For 11 years terry Gould has tracked the man known as the “paper fan” through the organized crime circles of six countries. This riveting, horrifying, yet often hilariously funny book is the story of that search, a daredevil journey through the seductions and terrors of Steve’s world.
Steven Wong is the “paper fan,” a thirty-nine-year-old Hong Kong-born mobster. Raised in New York’s Chinatown, he matured into crime in Vancouver, where he founded and headed the murderous Gum Wah Gang in the late 1980s and early ’90s.
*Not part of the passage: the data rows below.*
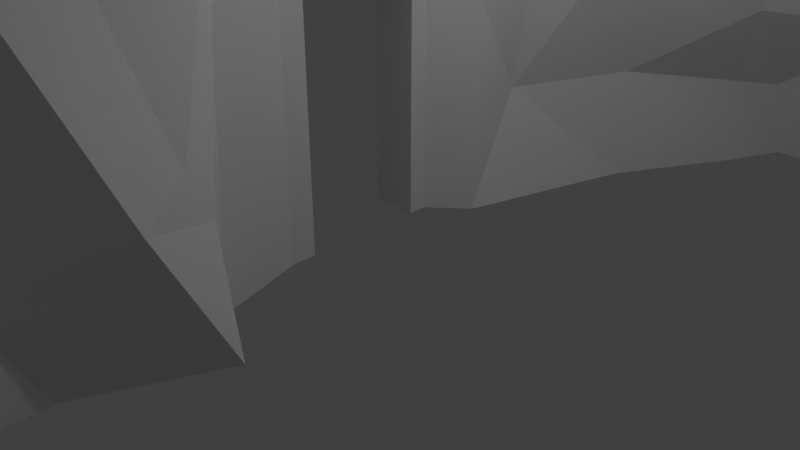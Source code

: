 # Source: Wall.blend  (saved by Blender 2.78.0; exported with 4.5.12 LTS)
import bpy
from mathutils import Matrix  # noqa: F401  (used for matrix-valued properties, if any)

bpy.ops.wm.read_factory_settings(use_empty=True)
scene = bpy.context.scene
scene.name = 'Scene'

# ---- collections
col_collection_1 = bpy.data.collections.new('Collection 1'); scene.collection.children.link(col_collection_1)

# ---- materials (node trees are filled in below, after node groups)
mat_material = bpy.data.materials.new('Material')
mat_material.alpha_threshold = 0.0
mat_material.use_transparent_shadow = False
mat_material.roughness = 0.5
mat_material.line_color = (0.0, 0.0, 0.0, 1.0)

# ---- material node trees

# ---- world
world_world = bpy.data.worlds.new('World'); scene.world = world_world
world_world.color = (0.05088, 0.05088, 0.05088)
world_world.use_sun_shadow = False
world_world.sun_shadow_jitter_overblur = 0.0
world_world.cycles.sampling_method = 'MANUAL'

# ---- cameras
cam_camera = bpy.data.cameras.new('Camera')
cam_camera.clip_end = 100.0
cam_camera.lens = 35.0
cam_camera.sensor_width = 32.0
cam_camera.sensor_height = 18.0
cam_camera.ortho_scale = 7.314
cam_camera.dof.focus_distance = 0.0
cam_camera.dof.aperture_fstop = 128.0

# ---- lights
light_lamp = bpy.data.lights.new('Lamp', 'POINT')
light_lamp.transmission_factor = 0.0
light_lamp.cutoff_distance = 30.0
light_lamp.energy = 100.0
light_lamp.shadow_buffer_clip_start = 1.001
light_lamp.shadow_soft_size = 0.1
light_lamp.shadow_maximum_resolution = 0.006
light_lamp.use_absolute_resolution = True

# ---- meshes
me_cube = bpy.data.meshes.new('Cube')
me_cube.from_pydata([(-0.3261, -0.621, -1.0), (-0.3261, -0.9453, -1.0), (-1.0, -0.9453, -1.0), (-1.0, -0.621, -1.0), (-0.3261, -0.621, 2.771), (-0.3261, -0.9453, 2.771), (-1.0, -0.9453, 2.771), (-1.0, -0.621, 2.771), (-0.3261, -0.621, 3.033), (-0.3261, -0.9353, 2.883), (-1.0, -0.621, 3.033), (-1.0, -0.9353, 2.883), (-0.3261, 1.052, 2.378), (-1.0, 1.052, 2.378), (-0.3261, 1.052, 2.64), (-1.0, 1.052, 2.64), (-0.3261, 1.314, 2.378), (-1.0, 1.314, 2.378), (-0.3261, 1.314, 2.508), (-1.0, 1.314, 2.508), (-0.3261, 1.052, -0.9506), (-1.0, 1.052, -0.9506), (-0.3261, 1.314, -0.9506), (-1.0, 1.314, -0.9506), (-0.466, -0.4817, 3.547), (-0.466, 1.191, 3.364), (-0.1543, -0.9374, 3.964), (0.07709, -1.447, 3.814), (-0.4949, 1.335, 3.328), (-0.4949, 1.598, 2.986), (-0.07241, 1.823, 2.487), (-0.07241, 1.823, 2.618), (-0.2985, -1.554, 2.848), (-0.06713, -1.963, 2.961), (-0.07106, -2.129, -1.106), (-0.07106, -1.935, 2.373), (-0.0349, 1.984, 1.944), (-0.0349, 1.984, -1.094), (-0.1805, -0.2201, 4.402), (-0.1805, 1.453, 4.219), (0.1311, -0.6757, 4.819), (-0.7265, 2.332, 3.857), (-0.7554, 2.476, 3.822), (-0.7554, 2.739, 3.48), (0.1864, 2.965, 3.112), (-0.1842, 2.917, 0.4701), (0.8418, 3.898, 2.616), (0.6098, -2.793, 1.049), (0.5905, -2.518, 0.4615), (1.222, -2.717, -0.8364), (0.9744, -3.455, 0.7309), (0.6875, 4.517, -1.056), (0.5382, 4.696, 0.4948), (1.574, 6.372, -1.091), (1.424, 6.55, 0.1555), (1.961, 7.277, -1.09), (1.812, 7.035, 0.08286), (4.619, 7.147, -1.077), (4.26, 6.966, 0.1055), (2.246, 4.992, 3.589), (1.943, 5.79, 1.467), (3.961, 5.826, 3.44), (3.658, 6.625, 1.318), (5.729, 5.617, 1.645), (5.127, 5.276, 3.317), (6.81, 5.368, -1.002), (6.661, 5.125, 0.318), (0.01981, 3.894, 4.426), (0.6752, 4.827, 3.931), (9.644, 4.047, -1.023), (9.495, 3.805, 0.9038), (11.14, 4.767, -1.065), (10.99, 4.524, 0.5053), (11.74, 5.168, -1.062), (11.59, 4.925, 0.06032), (12.09, 4.562, -1.062), (11.94, 4.319, 0.06032), (12.93, 4.807, -1.04), (12.61, 4.484, 1.148), (12.95, 6.192, -1.046), (12.8, 5.949, 1.4), (14.91, 4.863, -1.081), (13.97, 4.465, 4.142), (17.75, 7.553, -1.048), (17.6, 7.311, 1.911), (20.15, 3.916, -1.068), (20.0, 3.673, 1.23), (20.92, 1.547, -1.075), (20.77, 1.383, 1.068), (23.92, 1.382, -1.05), (23.77, 1.139, 1.205), (28.07, 0.2337, -1.066), (27.93, -0.009087, 1.294), (32.57, -2.434, -1.014), (31.35, -1.872, 3.174), (32.42, -9.884, -1.008), (32.27, -10.13, 1.71), (28.09, -13.58, -1.116), (27.94, -13.82, 0.7752), (21.26, -12.34, -1.043), (21.11, -12.84, 1.754), (19.99, -14.35, -1.082), (19.84, -14.85, 1.346), (18.73, -16.02, -1.062), (18.58, -16.26, 1.303), (17.21, -16.61, -1.052), (17.07, -16.85, 1.488), (14.79, -16.92, -1.034), (14.64, -17.16, 2.236), (4.936, -11.83, -0.8993), (4.787, -12.08, 1.574), (3.57, -12.59, -0.9664), (3.42, -12.83, 2.68), (2.499, -10.34, -1.02), (2.35, -10.59, 2.103), (2.459, -8.483, -0.939), (2.325, -8.578, 1.093), (0.2928, -5.697, -1.094), (0.1435, -5.939, 0.9008), (0.2928, -5.697, -1.068), (0.1435, -5.939, 1.315), (0.1631, -4.241, -1.107), (0.01381, -4.892, 0.2274), (-0.09456, -3.516, 3.805), (0.6153, -4.238, 2.705), (0.9886, -5.427, 3.738), (0.2875, -5.006, 2.207), (0.9087, -1.364, 4.162), (0.3172, -2.917, 4.224), (2.687, -1.673, 5.394), (2.732, -3.03, 5.162), (1.812, -0.6559, 6.495), (2.589, -1.344, 5.388), (0.5458, 2.015, 4.302), (2.226, 2.034, 5.529), (1.68, -8.025, 1.732), (3.338, -8.868, 3.523), (1.979, -4.34, 5.105), (2.425, -6.447, 5.333), (3.433, -8.253, 4.785), (4.869, -9.273, 6.38), (3.06, -12.34, 3.922), (4.048, -10.62, 5.342), (6.149, -14.51, 3.395), (4.782, -13.84, 4.502), (3.163, -13.26, 6.053), (4.885, -14.27, 6.633), (7.706, -14.8, 6.661), (6.591, -14.36, 7.156), (11.84, -17.59, 3.914), (10.19, -14.81, 8.628), (16.08, -15.75, 4.413), (13.28, -16.18, 6.091), (4.724, -2.361, 5.578), (4.769, -3.718, 5.346), (4.618, -7.112, 5.923), (6.962, -4.383, 5.936), (5.157, -1.823, 5.733), (5.608, -0.7389, 6.3), (2.629, 3.62, 4.955), (5.808, 1.76, 6.058), (5.398, 4.103, 4.419), (8.577, 2.243, 5.062), (7.133, 5.77, 2.709), (10.31, 3.91, 3.353), (9.495, 2.717, 2.418), (10.99, 3.436, 2.019), (11.76, 5.258, 2.809), (12.12, 4.652, 2.809), (12.32, 6.33, 3.442), (11.65, 5.033, 4.85), (10.64, 0.8297, 6.489), (13.71, 3.619, 6.276), (6.297, -0.8788, 6.583), (11.13, -1.809, 7.014), (4.733, -1.81, 6.449), (5.756, -0.9501, 6.368), (6.297, -0.8788, 6.583), (5.451, -3.42, 5.641), (7.015, -3.231, 6.368), (11.73, -5.794, 5.517), (11.78, -4.642, 5.948), (8.832, -11.3, 6.342), (11.18, -8.572, 6.355), (15.12, -12.78, 5.733), (13.76, -9.272, 7.594), (16.89, -6.184, 6.138), (16.14, -3.462, 7.034), (17.24, 6.232, 5.977), (19.64, 2.595, 5.296), (14.8, -0.3122, 8.702), (19.97, 5.843, 8.403), (18.26, -2.716, 9.43), (16.3, 0.4432, 8.755), (20.22, -13.79, 5.352), (18.96, -15.2, 5.309), (28.79, -12.45, 3.136), (21.97, -11.47, 4.115), (33.72, -9.248, 3.352), (33.38, -9.967, 4.67), (26.77, -12.48, 5.917), (31.35, -9.995, 7.451), (27.69, 0.05675, 4.074), (31.12, -1.806, 5.954), (23.36, -0.1472, 2.929), (27.29, -1.229, 8.17), (23.43, -4.881, 8.374), (26.53, -6.154, 6.918), (20.77, -3.035, 8.906), (19.47, 2.826, 8.984), (17.73, 0.9594, 9.685), (21.02, -4.838, 7.185), (19.61, -1.921, 11.5), (19.94, -12.52, 4.242), (22.32, -8.928, 8.642), (31.17, -1.661, 6.619), (33.2, -9.756, 7.514)], [], [(0, 3, 2, 1), (6, 11, 9, 5), (0, 1, 5, 4), (1, 2, 6, 5), (2, 3, 7, 6), (4, 7, 3, 0), (8, 9, 11, 10), (5, 9, 8, 4), (7, 10, 11, 6), (7, 13, 15, 10), (13, 17, 19, 15), (10, 15, 14, 8), (4, 12, 13, 7), (8, 14, 12, 4), (16, 18, 19, 17), (15, 19, 18, 14), (14, 18, 16, 12), (17, 23, 22, 16), (20, 22, 23, 21), (16, 22, 20, 12), (13, 21, 23, 17), (12, 20, 21, 13), (8, 14, 25, 24), (9, 8, 26, 27), (8, 24, 26), (14, 18, 29, 28), (14, 28, 25), (18, 16, 30, 31), (18, 31, 29), (5, 9, 33, 32), (9, 27, 33), (5, 35, 34, 1), (5, 32, 35), (16, 22, 37, 36), (16, 36, 30), (26, 24, 38, 40), (24, 25, 39, 38), (26, 40, 27), (33, 35, 32), (29, 31, 44, 43), (25, 28, 42, 41), (28, 29, 43, 42), (25, 41, 39), (31, 30, 36, 44), (44, 36, 45, 46), (37, 45, 36), (35, 33, 47, 48), (35, 48, 34), (48, 50, 49, 34), (45, 37, 51, 52), (52, 51, 53, 54), (54, 53, 55, 56), (56, 55, 57, 58), (45, 52, 46), (46, 52, 60, 59), (52, 54, 60), (59, 60, 62, 61), (56, 62, 60, 54), (56, 58, 62), (163, 63, 66), (58, 57, 65, 66), (58, 66, 63), (62, 64, 61), (44, 46, 68, 67), (46, 59, 68), (66, 65, 69, 70), (70, 69, 71, 72), (72, 71, 73, 74), (74, 73, 75, 76), (76, 75, 77, 78), (78, 77, 79, 80), (80, 79, 81, 82), (82, 81, 83, 84), (84, 83, 85, 86), (86, 85, 87, 88), (88, 87, 89, 90), (90, 89, 91, 92), (92, 91, 93, 94), (96, 95, 97, 98), (98, 97, 99, 100), (100, 99, 101, 102), (102, 101, 103, 104), (104, 103, 105, 106), (106, 105, 107, 108), (108, 107, 109, 110), (110, 109, 111, 112), (112, 111, 113, 114), (114, 113, 115, 116), (116, 115, 117, 118), (118, 117, 119, 120), (120, 119, 121, 122), (50, 122, 121, 49), (48, 47, 50), (50, 47, 123, 124), (47, 33, 123), (50, 124, 122), (120, 122, 126, 125), (124, 126, 122), (123, 33, 127, 128), (33, 27, 40, 127), (128, 127, 129, 130), (127, 40, 131, 132), (127, 132, 129), (131, 40, 133, 134), (39, 133, 40, 38), (41, 133, 39), (44, 67, 43), (43, 67, 41, 42), (133, 41, 67), (120, 125, 136, 135), (118, 120, 135, 116), (126, 124, 125), (124, 123, 125), (125, 123, 137, 138), (123, 128, 137), (128, 130, 137), (125, 138, 140, 139), (125, 139, 136), (114, 116, 135), (135, 136, 114), (114, 136, 142, 141), (140, 142, 136, 139), (114, 141, 112), (110, 112, 144, 143), (141, 144, 112), (144, 141, 145, 146), (141, 142, 145), (142, 140, 145), (110, 143, 108), (143, 144, 148, 147), (143, 147, 150, 149), (143, 149, 108), (144, 146, 148), (108, 149, 152, 151), (108, 151, 106), (149, 150, 152), (130, 129, 153, 154), (130, 154, 137), (138, 137, 154), (138, 154, 156, 155), (138, 155, 140), (129, 132, 158, 157), (129, 157, 153), (132, 131, 158), (134, 133, 67), (134, 67, 159, 160), (134, 160, 131), (158, 131, 160), (160, 159, 161, 162), (67, 68, 159), (59, 161, 159, 68), (58, 63, 64, 62), (162, 161, 163, 164), (66, 70, 163), (70, 72, 166, 165), (70, 165, 163), (166, 164, 165), (74, 76, 168, 167), (74, 167, 166, 72), (76, 78, 168), (78, 80, 168), (168, 80, 169, 170), (80, 82, 169), (168, 170, 167), (166, 167, 164), (167, 170, 164), (164, 170, 162), (169, 82, 170), (162, 170, 172, 171), (162, 171, 160), (160, 171, 174, 173), (160, 173, 158), (176, 177, 175), (158, 173, 177, 176), (157, 158, 176, 175), (177, 178, 175), (153, 157, 175, 178, 154), (156, 154, 178, 179), (156, 179, 181, 180), (174, 181, 179, 177, 173), (155, 156, 183, 182), (155, 182, 140), (156, 180, 183), (145, 140, 182), (146, 145, 182), (148, 146, 182), (147, 148, 182), (150, 147, 182), (150, 182, 185, 184), (184, 185, 187, 186), (183, 185, 182), (185, 183, 187), (183, 180, 187), (181, 187, 180), (181, 174, 187), (82, 172, 170), (84, 86, 189, 188), (84, 188, 82), (172, 82, 188), (188, 193, 172), (172, 190, 171), (174, 171, 187), (190, 187, 171), (188, 189, 191), (86, 88, 189), (187, 190, 193, 192), (193, 190, 172), (150, 184, 152), (152, 184, 151), (104, 106, 151), (102, 104, 195, 194), (151, 195, 104), (102, 194, 100), (98, 100, 197, 196), (194, 197, 100), (98, 196, 199, 198), (98, 198, 96), (199, 196, 200, 201), (196, 197, 200), (94, 96, 198), (198, 199, 94), (92, 94, 203, 202), (92, 202, 90), (90, 202, 205, 204), (90, 204, 88), (88, 204, 207, 206), (189, 88, 191), (193, 188, 191), (193, 191, 209, 210), (191, 88, 208, 209), (88, 206, 208), (208, 206, 211), (208, 212, 209), (207, 211, 206), (205, 207, 204), (209, 212, 210), (193, 210, 212), (192, 193, 212), (212, 211, 192), (187, 192, 186), (192, 211, 186), (184, 186, 214, 213), (184, 213, 195, 151), (194, 195, 213), (194, 213, 214, 197), (207, 214, 211), (186, 211, 214), (214, 207, 197), (200, 197, 207), (202, 203, 205), (94, 199, 216, 215), (199, 201, 216), (94, 215, 203), (205, 203, 215), (207, 205, 215), (215, 216, 207), (216, 201, 207), (201, 200, 207), (178, 177, 179), (211, 212, 208), (96, 94, 95), (94, 93, 95), (164, 163, 165), (59, 61, 161), (64, 161, 61), (161, 64, 163), (63, 163, 64)])
me_cube.materials.append(mat_material)
me_cube.use_remesh_preserve_volume = False
me_cube.use_remesh_preserve_attributes = False
me_cube.use_mirror_vertex_groups = False
me_cube.update()

# ---- objects
ob_cube = bpy.data.objects.new('Cube', me_cube)
ob_lamp = bpy.data.objects.new('Lamp', light_lamp)
ob_camera = bpy.data.objects.new('Camera', cam_camera)

# ---- transforms, parenting, visibility, modifiers, constraints
ob_cube.location = (0.0, 0.0, 1.075)
ob_cube.lock_rotations_4d = False
ob_cube.empty_display_type = 'ARROWS'
ob_cube.lineart.crease_threshold = 0.0
ob_lamp.location = (4.076, 1.005, 5.904)
ob_lamp.rotation_euler = (0.6503, 0.05522, 1.866)
ob_lamp.lock_rotations_4d = False
ob_lamp.empty_display_type = 'ARROWS'
ob_lamp.color = (0.0, 0.0, 0.0, 0.0)
ob_lamp.lineart.crease_threshold = 0.0
ob_camera.location = (7.481, -6.508, 5.344)
ob_camera.rotation_euler = (1.109, 0.0, 0.8149)
ob_camera.lock_rotations_4d = False
ob_camera.empty_display_type = 'ARROWS'
ob_camera.color = (0.0, 0.0, 0.0, 0.0)
ob_camera.display_type = 'WIRE'
ob_camera.lineart.crease_threshold = 0.0

# ---- collection membership
col_collection_1.objects.link(ob_cube)
col_collection_1.objects.link(ob_lamp)
col_collection_1.objects.link(ob_camera)

# ---- scene / render settings (as saved in the file)
scene.camera = ob_camera
scene.frame_start = 1; scene.frame_end = 250; scene.frame_set(0)
scene.render.engine = 'BLENDER_EEVEE_NEXT'
scene.render.resolution_percentage = 50
scene.render.dither_intensity = 0.0
scene.cycles.use_denoising = False
scene.cycles.samples = 128
scene.cycles.sampling_pattern = 'TABULATED_SOBOL'
scene.cycles.light_sampling_threshold = 0.0
scene.cycles.use_adaptive_sampling = False
scene.cycles.use_light_tree = False
scene.cycles.blur_glossy = 0.0
scene.cycles.sample_clamp_indirect = 0.0
scene.view_settings.view_transform = 'Standard'
bpy.context.view_layer.update()

In 1992, Wong “died” in a traffic accident in a remote area of the Philippines before he could be sent to jail for heroin trafficking, conveniently just after he’d taken out a million-dollar life insurance policy. His urn may still be interred in a Vancouver cemetery, but today, Interpol has a “Red Alert” arrest warrant out for Wong, and his updated file reads like a Hollywood action film -- a post-mortem panorama of organized criminal adventure that circles the Pacific Rim, from Macau to Japan, from Cambodia to the Philippines.
Gould’s search takes him into a world in which politicians, police, businessmen and criminals sprint along in one big pack, sometimes nipping each other’s heels, sometimes licking each other’s faces, and sometimes inviting one another back home for all-night mah-jong parties. Forced to work according to right-side-up rules, honest cops haven’t had a chance of arresting Steve in his upside-down world. Four times, Terry Gould has traced Steven Wong through Asia’s circles of corruption and pinned him down, but the law has let him slip away. Fifth time lucky?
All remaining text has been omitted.